## Your assignment
Nothing but the lines from the one with "#90=DIRECTION('',(0.,0.,1.));" through the last line of the data should be restated, each word for word.
════════════════════
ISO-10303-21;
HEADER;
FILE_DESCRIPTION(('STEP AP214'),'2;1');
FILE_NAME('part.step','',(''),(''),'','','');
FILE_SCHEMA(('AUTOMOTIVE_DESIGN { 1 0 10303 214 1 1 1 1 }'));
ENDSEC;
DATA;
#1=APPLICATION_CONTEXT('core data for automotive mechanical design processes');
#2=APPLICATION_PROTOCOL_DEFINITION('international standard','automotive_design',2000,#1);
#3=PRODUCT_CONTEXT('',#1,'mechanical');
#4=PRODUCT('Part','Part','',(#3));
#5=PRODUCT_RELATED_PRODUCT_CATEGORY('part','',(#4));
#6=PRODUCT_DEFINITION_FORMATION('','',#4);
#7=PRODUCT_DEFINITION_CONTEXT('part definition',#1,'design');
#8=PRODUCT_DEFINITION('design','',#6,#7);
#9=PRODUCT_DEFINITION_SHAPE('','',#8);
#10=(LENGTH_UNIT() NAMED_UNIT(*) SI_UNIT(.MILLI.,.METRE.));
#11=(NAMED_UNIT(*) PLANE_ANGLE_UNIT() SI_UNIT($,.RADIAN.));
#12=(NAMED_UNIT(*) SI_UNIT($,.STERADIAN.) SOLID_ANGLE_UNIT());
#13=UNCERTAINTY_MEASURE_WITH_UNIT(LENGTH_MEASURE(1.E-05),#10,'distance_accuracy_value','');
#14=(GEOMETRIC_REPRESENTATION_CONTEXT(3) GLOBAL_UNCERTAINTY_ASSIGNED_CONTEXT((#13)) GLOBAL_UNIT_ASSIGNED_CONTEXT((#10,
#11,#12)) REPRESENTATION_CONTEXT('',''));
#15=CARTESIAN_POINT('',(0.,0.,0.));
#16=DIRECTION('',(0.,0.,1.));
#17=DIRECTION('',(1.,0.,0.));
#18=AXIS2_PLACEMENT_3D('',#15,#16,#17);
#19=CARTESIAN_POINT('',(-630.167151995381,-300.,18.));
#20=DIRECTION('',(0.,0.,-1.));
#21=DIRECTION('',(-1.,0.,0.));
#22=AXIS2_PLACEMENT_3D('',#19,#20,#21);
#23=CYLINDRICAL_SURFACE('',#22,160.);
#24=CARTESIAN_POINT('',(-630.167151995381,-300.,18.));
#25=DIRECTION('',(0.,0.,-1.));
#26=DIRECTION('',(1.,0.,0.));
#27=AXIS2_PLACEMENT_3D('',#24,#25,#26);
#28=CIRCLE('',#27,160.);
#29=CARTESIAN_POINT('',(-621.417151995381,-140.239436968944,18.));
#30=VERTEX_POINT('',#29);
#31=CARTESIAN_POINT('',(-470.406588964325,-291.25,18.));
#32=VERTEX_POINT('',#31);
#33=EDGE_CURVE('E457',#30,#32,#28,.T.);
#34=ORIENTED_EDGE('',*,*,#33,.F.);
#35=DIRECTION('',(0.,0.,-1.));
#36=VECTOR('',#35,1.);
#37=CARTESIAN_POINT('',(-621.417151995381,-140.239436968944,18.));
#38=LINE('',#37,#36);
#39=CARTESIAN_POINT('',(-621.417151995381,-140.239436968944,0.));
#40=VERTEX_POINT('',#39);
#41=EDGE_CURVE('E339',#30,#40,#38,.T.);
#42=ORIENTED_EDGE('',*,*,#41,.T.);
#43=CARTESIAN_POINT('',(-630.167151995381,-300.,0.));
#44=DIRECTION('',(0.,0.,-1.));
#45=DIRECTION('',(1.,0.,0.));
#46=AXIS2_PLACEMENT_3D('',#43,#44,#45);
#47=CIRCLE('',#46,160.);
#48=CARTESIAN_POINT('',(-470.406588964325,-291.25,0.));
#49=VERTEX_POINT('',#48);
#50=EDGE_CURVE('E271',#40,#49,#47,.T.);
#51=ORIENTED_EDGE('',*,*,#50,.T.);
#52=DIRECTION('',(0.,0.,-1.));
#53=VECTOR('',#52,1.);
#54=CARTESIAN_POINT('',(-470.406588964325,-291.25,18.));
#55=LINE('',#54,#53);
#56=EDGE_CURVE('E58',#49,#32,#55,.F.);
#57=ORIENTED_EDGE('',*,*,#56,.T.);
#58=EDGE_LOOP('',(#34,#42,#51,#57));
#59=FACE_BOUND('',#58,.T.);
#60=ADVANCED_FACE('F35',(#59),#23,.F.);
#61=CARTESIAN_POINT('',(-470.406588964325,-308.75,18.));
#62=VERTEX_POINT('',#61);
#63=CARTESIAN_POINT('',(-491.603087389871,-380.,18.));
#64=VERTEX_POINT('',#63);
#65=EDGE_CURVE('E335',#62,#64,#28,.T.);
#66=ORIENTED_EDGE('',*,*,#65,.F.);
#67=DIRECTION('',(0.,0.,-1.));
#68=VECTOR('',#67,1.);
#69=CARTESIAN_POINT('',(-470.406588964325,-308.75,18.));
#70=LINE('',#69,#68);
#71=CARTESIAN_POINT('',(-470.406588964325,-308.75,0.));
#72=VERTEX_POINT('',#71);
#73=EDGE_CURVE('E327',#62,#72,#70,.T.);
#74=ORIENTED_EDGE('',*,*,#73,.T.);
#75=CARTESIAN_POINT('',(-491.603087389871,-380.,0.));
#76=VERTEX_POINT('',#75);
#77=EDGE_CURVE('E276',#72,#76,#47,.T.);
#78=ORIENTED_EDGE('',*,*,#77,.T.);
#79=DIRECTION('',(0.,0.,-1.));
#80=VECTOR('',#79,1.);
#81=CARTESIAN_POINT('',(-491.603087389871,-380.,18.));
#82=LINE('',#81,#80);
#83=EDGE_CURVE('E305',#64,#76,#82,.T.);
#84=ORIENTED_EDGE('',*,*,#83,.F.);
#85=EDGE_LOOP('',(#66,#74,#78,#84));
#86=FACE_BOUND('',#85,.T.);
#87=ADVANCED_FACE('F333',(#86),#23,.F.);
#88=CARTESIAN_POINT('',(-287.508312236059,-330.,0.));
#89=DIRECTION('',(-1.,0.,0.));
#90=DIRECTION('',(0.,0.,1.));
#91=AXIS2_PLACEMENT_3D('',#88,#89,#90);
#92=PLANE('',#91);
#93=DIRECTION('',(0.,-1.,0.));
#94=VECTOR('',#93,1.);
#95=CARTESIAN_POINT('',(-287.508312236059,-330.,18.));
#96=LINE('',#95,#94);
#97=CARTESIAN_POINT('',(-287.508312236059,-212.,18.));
════════════════════
## Result of the task
#90=DIRECTION('',(0.,0.,1.));
#91=AXIS2_PLACEMENT_3D('',#88,#89,#90);
#92=PLANE('',#91);
#93=DIRECTION('',(0.,-1.,0.));
#94=VECTOR('',#93,1.);
#95=CARTESIAN_POINT('',(-287.508312236059,-330.,18.));
#96=LINE('',#95,#94);
#97=CARTESIAN_POINT('',(-287.508312236059,-212.,18.));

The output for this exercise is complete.